Vansh opened a bottle of water and took a sip. Why was drunk rambling always so damned insightful and true? “You’re absolutely right,” he said.
“I should never drink,” Hari said suddenly. “I had promised my mother that I would never drink after I told my cousin that she looked like a cross between a horse and a rat at her wedding. Drinking makes me tell the truth. Someone handed me a glass and I thought it was orange juice.
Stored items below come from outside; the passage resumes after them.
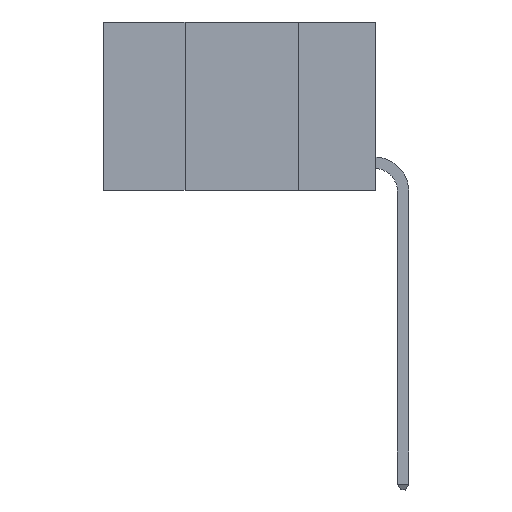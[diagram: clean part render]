
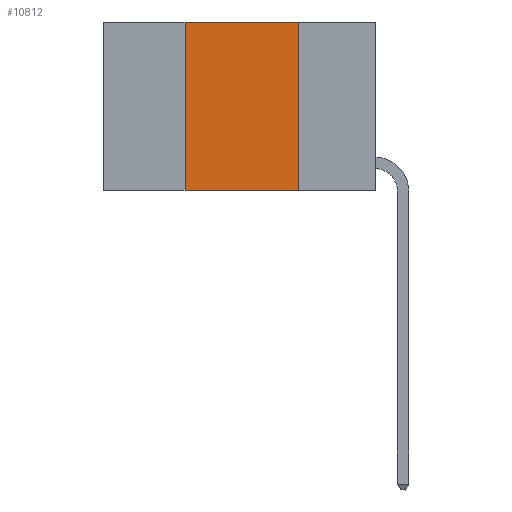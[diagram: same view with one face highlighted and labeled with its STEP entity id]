
A CAD part, left-side view. The second image highlights one B-rep face of the part: STEP entity #10812.
In plain terms, the highlighted planar face has unit normal (-1, 0, 0).
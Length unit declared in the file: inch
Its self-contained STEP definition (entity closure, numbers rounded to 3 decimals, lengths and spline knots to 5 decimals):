
#98 = CARTESIAN_POINT ( 'NONE',  ( 0., 0.6, -0.37 ) ) ;
#370 = VERTEX_POINT ( 'NONE', #15383 ) ;
#625 = AXIS2_PLACEMENT_3D ( 'NONE', #5900, #24096, #12104 ) ;
#1638 = EDGE_CURVE ( 'NONE', #370, #20183, #10885, .T. ) ;
#3536 = VECTOR ( 'NONE', #21819, 39.37008 ) ;
#3625 = LINE ( 'NONE', #98, #23867 ) ;
#4733 = DIRECTION ( 'NONE',  ( 0., -1., 0. ) ) ;
#5900 = CARTESIAN_POINT ( 'NONE',  ( 0., 0.6, 0. ) ) ;
#7895 = EDGE_CURVE ( 'NONE', #20183, #11304, #8961, .T. ) ;
#8773 = CARTESIAN_POINT ( 'NONE',  ( 0., 0.42, 0. ) ) ;
#8961 = LINE ( 'NONE', #9760, #3536 ) ;
#9442 = EDGE_CURVE ( 'NONE', #12832, #370, #19990, .T. ) ;
#9743 = CARTESIAN_POINT ( 'NONE',  ( 0., 0.17, 0. ) ) ;
#9760 = CARTESIAN_POINT ( 'NONE',  ( 0., 0.17, 0. ) ) ;
#10025 = PLANE ( 'NONE',  #625 ) ;
#10812 = ADVANCED_FACE ( 'NONE', ( #25854 ), #10025, .F. ) ;
#10846 = DIRECTION ( 'NONE',  ( 0., 0., 1. ) ) ;
#10885 = LINE ( 'NONE', #17140, #20948 ) ;
#11304 = VERTEX_POINT ( 'NONE', #15728 ) ;
#12104 = DIRECTION ( 'NONE',  ( 0., 0., -1. ) ) ;
#12473 = DIRECTION ( 'NONE',  ( 0., -1., 0. ) ) ;
#12832 = VERTEX_POINT ( 'NONE', #15812 ) ;
#13754 = EDGE_CURVE ( 'NONE', #12832, #11304, #3625, .T. ) ;
#14704 = VECTOR ( 'NONE', #10846, 39.37008 ) ;
#15383 = CARTESIAN_POINT ( 'NONE',  ( 0., 0.42, 0. ) ) ;
#15728 = CARTESIAN_POINT ( 'NONE',  ( 0., 0.17, -0.37 ) ) ;
#15812 = CARTESIAN_POINT ( 'NONE',  ( 0., 0.42, -0.37 ) ) ;
#15831 = ORIENTED_EDGE ( 'NONE', *, *, #9442, .F. ) ;
#17140 = CARTESIAN_POINT ( 'NONE',  ( 0., 0.6, 0. ) ) ;
#19575 = ORIENTED_EDGE ( 'NONE', *, *, #1638, .F. ) ;
#19990 = LINE ( 'NONE', #8773, #14704 ) ;
#20183 = VERTEX_POINT ( 'NONE', #9743 ) ;
#20948 = VECTOR ( 'NONE', #4733, 39.37008 ) ;
#21232 = EDGE_LOOP ( 'NONE', ( #21491, #19575, #15831, #24247 ) ) ;
#21491 = ORIENTED_EDGE ( 'NONE', *, *, #7895, .F. ) ;
#21819 = DIRECTION ( 'NONE',  ( 0., 0., -1. ) ) ;
#23867 = VECTOR ( 'NONE', #12473, 39.37008 ) ;
#24096 = DIRECTION ( 'NONE',  ( 1., 0., 0. ) ) ;
#24247 = ORIENTED_EDGE ( 'NONE', *, *, #13754, .T. ) ;
#25854 = FACE_OUTER_BOUND ( 'NONE', #21232, .T. ) ;

Who puts alcohol in orange juice? Why would anyone do something that devious?”
Vansh gave his shoulder another pat. “Never mind all that. Where are you living right now?”
Hari stood, a little more steady now. “I think the invitation said six to ten and it’s already past eleven, so I have to leave. The Samarths never outstay their welcome.”
“Sit down, Hari. You can’t go back to the tent.” Now that Vansh knew, he couldn’t not do something. How was he not going to tell Yash this?
“But that’s my home.”
“No, it’s the pavement. Can you not afford a hotel room with your paycheck?”
“I had to pay off my debts. I’m still paying off my debts. And I can’t let my spot go. If I remove my tent, someone else will take it.”
How had Vansh never wondered how homelessness actually worked? “Okay, well, I’m going to check you into a hotel tonight. We will figure this out in the morning.” Pulling out his phone, Vansh started looking for availability at hotels in the area.
Hari’s hands started shaking. “That’s very kind of you, but they won’t let me stay in a hotel.”
God, he was afraid to ask. “Why?”
“Because they need ID.”
“You don’t have a driver’s license?”
“My backpack was stolen. My passport, my wallet, everything was in there.”
Of course the man hadn’t reported it.
How had Vansh never wondered how crime worked for the homeless? Did the cops cover the people who lived on the streets? Who protected them?
Vansh had so much to learn, but first he needed to figure out how to help Hari. Then he’d think about what all of this would mean to Yash if a journalist got their hands on this information.
No matter what, he could not let this poor man—who had made it possible for his brother to win the election—go back to living on the street. It was time to clean up the mess that was Hari’s life. Good thing Vansh was good at cleaning up messes. Good thing he was ready for a new project.